#### Exercise instructions:
Among the entries below, one line contains "(junction (at 91.44" and another contains "107.315 58.42) (xy 125.73 58.42))". Transcribe those two lines and every line between them, exactly.

Dataset items:
"""
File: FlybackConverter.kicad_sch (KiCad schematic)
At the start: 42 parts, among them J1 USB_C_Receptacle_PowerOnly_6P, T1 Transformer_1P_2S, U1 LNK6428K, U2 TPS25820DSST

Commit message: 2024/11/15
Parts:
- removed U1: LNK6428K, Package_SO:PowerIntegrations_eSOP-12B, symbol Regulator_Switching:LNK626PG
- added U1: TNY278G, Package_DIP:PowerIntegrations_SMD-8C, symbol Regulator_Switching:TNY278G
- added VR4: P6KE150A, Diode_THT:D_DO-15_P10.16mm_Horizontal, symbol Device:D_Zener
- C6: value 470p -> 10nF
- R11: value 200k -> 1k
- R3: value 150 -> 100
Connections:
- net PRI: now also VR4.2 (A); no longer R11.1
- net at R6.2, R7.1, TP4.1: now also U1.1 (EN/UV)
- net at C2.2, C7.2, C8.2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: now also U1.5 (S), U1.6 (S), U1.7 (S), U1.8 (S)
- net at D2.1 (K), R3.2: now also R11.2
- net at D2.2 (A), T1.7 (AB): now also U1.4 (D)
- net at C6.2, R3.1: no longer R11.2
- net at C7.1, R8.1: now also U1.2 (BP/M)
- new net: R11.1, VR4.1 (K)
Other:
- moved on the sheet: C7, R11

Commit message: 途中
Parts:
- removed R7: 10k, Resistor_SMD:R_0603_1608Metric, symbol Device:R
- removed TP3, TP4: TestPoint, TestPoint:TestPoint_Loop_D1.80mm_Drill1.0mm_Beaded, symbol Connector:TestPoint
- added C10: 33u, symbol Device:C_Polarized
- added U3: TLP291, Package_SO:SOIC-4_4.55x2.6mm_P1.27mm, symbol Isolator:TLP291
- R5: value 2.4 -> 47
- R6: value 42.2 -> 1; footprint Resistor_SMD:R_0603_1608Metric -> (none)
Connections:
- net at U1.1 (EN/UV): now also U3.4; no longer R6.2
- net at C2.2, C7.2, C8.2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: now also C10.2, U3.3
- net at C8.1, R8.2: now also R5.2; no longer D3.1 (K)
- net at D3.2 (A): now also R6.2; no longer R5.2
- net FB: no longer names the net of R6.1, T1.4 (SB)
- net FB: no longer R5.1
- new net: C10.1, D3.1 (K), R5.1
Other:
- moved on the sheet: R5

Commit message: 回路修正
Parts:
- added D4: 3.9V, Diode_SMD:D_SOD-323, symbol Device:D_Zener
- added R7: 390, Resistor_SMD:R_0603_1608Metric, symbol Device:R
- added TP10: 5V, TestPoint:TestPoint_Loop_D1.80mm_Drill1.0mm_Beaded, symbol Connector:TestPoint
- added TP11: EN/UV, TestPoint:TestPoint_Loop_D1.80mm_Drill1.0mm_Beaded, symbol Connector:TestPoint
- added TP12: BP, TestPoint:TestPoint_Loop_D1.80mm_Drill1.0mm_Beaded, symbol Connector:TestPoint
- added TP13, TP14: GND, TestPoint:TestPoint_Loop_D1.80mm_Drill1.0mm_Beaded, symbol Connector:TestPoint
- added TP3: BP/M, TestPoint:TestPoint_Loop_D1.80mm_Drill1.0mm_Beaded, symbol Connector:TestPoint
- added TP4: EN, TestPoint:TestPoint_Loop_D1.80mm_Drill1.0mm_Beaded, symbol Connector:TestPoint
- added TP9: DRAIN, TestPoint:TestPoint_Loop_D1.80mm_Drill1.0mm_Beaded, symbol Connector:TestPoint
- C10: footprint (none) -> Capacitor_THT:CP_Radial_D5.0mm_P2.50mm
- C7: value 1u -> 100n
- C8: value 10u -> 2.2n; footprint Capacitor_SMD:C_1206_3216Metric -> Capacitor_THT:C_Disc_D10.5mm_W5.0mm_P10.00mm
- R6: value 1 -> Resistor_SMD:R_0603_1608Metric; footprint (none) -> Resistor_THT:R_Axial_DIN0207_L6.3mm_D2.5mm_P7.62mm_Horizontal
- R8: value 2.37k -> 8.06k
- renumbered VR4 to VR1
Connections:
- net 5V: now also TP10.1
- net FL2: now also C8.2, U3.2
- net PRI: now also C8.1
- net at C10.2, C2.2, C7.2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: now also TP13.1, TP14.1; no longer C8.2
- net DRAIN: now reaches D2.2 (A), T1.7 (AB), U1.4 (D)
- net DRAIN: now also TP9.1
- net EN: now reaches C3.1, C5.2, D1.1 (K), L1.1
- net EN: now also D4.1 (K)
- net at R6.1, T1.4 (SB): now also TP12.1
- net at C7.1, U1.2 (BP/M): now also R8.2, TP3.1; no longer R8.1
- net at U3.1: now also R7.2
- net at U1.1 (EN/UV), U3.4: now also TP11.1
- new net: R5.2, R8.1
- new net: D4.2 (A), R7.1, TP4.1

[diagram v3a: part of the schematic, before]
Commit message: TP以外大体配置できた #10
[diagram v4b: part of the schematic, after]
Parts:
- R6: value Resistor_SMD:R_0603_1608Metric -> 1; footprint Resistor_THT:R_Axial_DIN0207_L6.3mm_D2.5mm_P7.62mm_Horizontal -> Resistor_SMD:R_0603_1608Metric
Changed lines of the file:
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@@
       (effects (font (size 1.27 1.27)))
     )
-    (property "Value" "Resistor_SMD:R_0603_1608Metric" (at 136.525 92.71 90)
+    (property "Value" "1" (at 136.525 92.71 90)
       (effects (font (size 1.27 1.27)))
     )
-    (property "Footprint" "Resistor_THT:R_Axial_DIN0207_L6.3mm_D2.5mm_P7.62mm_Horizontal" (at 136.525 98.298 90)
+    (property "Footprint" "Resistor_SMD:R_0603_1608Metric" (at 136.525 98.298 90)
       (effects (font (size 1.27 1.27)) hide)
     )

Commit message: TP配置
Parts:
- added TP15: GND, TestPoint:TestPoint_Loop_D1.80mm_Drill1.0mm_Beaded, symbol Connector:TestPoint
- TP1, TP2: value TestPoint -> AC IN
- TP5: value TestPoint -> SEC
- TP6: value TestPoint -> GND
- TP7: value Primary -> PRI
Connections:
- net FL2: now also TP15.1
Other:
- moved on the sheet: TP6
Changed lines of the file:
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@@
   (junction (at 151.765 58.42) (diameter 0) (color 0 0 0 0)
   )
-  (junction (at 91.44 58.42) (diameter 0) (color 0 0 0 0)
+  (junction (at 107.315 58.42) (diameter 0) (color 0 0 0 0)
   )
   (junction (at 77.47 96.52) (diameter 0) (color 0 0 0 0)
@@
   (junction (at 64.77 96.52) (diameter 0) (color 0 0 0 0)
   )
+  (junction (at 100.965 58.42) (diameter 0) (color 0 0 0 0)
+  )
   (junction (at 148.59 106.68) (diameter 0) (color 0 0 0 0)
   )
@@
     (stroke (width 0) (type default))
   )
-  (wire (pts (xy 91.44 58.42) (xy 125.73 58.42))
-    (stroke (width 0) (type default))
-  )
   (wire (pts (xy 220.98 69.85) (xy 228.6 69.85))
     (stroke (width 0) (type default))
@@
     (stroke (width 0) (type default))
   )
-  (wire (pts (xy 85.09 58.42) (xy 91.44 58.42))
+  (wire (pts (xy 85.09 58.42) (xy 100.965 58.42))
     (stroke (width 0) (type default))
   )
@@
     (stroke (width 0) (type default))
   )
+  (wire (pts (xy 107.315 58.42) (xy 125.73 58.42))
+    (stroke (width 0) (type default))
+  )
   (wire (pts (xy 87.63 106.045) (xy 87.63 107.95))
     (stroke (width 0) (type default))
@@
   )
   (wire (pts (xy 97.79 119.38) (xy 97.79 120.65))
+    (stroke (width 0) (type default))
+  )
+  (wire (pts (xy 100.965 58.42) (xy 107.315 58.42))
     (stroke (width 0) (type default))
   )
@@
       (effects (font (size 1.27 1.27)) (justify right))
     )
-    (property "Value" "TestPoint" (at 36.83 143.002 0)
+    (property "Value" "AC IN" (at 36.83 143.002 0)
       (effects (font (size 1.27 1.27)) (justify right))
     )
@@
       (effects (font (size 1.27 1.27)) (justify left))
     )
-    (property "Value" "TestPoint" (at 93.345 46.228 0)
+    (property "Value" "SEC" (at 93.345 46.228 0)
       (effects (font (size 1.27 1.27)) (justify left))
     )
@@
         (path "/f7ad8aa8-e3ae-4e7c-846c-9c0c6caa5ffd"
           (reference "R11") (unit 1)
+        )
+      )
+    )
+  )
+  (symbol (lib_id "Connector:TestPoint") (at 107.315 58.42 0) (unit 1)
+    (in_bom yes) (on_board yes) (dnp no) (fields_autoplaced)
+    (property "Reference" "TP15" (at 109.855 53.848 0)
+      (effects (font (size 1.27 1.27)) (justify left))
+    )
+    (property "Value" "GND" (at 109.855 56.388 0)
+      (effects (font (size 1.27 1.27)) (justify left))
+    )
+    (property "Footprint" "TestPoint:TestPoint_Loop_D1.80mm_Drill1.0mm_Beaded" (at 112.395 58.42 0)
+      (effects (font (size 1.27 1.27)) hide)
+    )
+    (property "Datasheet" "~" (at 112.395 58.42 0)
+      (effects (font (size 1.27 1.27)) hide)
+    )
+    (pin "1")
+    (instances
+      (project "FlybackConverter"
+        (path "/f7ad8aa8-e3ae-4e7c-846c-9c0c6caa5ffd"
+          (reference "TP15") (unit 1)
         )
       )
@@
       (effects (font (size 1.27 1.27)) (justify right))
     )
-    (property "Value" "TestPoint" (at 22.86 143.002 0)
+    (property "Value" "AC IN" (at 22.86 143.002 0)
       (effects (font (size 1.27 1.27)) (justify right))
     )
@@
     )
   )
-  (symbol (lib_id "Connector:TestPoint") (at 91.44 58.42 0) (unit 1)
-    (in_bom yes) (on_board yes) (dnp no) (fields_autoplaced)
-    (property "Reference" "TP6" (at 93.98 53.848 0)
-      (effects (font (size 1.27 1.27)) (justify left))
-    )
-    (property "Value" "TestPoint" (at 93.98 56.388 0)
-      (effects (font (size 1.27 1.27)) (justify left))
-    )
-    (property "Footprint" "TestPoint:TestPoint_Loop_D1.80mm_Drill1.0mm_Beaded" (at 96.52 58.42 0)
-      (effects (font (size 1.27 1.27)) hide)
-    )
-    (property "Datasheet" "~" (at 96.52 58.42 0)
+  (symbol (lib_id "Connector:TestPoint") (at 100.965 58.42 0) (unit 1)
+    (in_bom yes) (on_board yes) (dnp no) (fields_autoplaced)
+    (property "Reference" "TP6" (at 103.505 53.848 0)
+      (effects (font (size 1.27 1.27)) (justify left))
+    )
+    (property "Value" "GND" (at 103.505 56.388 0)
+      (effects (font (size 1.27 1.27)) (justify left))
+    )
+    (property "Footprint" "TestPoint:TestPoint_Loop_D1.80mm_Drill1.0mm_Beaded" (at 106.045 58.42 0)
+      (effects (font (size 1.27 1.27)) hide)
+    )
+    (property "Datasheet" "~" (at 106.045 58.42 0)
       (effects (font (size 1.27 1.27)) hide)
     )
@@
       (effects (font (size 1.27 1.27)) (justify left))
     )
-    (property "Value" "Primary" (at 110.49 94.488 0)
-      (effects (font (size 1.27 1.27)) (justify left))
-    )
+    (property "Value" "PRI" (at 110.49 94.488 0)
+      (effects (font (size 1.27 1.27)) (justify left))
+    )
"""
#### Result for this exercise:
-  (junction (at 91.44 58.42) (diameter 0) (color 0 0 0 0)
+  (junction (at 107.315 58.42) (diameter 0) (color 0 0 0 0)
   )
   (junction (at 77.47 96.52) (diameter 0) (color 0 0 0 0)
@@
   (junction (at 64.77 96.52) (diameter 0) (color 0 0 0 0)
   )
+  (junction (at 100.965 58.42) (diameter 0) (color 0 0 0 0)
+  )
   (junction (at 148.59 106.68) (diameter 0) (color 0 0 0 0)
   )
@@
     (stroke (width 0) (type default))
   )
-  (wire (pts (xy 91.44 58.42) (xy 125.73 58.42))
-    (stroke (width 0) (type default))
-  )
   (wire (pts (xy 220.98 69.85) (xy 228.6 69.85))
     (stroke (width 0) (type default))
@@
     (stroke (width 0) (type default))
   )
-  (wire (pts (xy 85.09 58.42) (xy 91.44 58.42))
+  (wire (pts (xy 85.09 58.42) (xy 100.965 58.42))
     (stroke (width 0) (type default))
   )
@@
     (stroke (width 0) (type default))
   )
+  (wire (pts (xy 107.315 58.42) (xy 125.73 58.42))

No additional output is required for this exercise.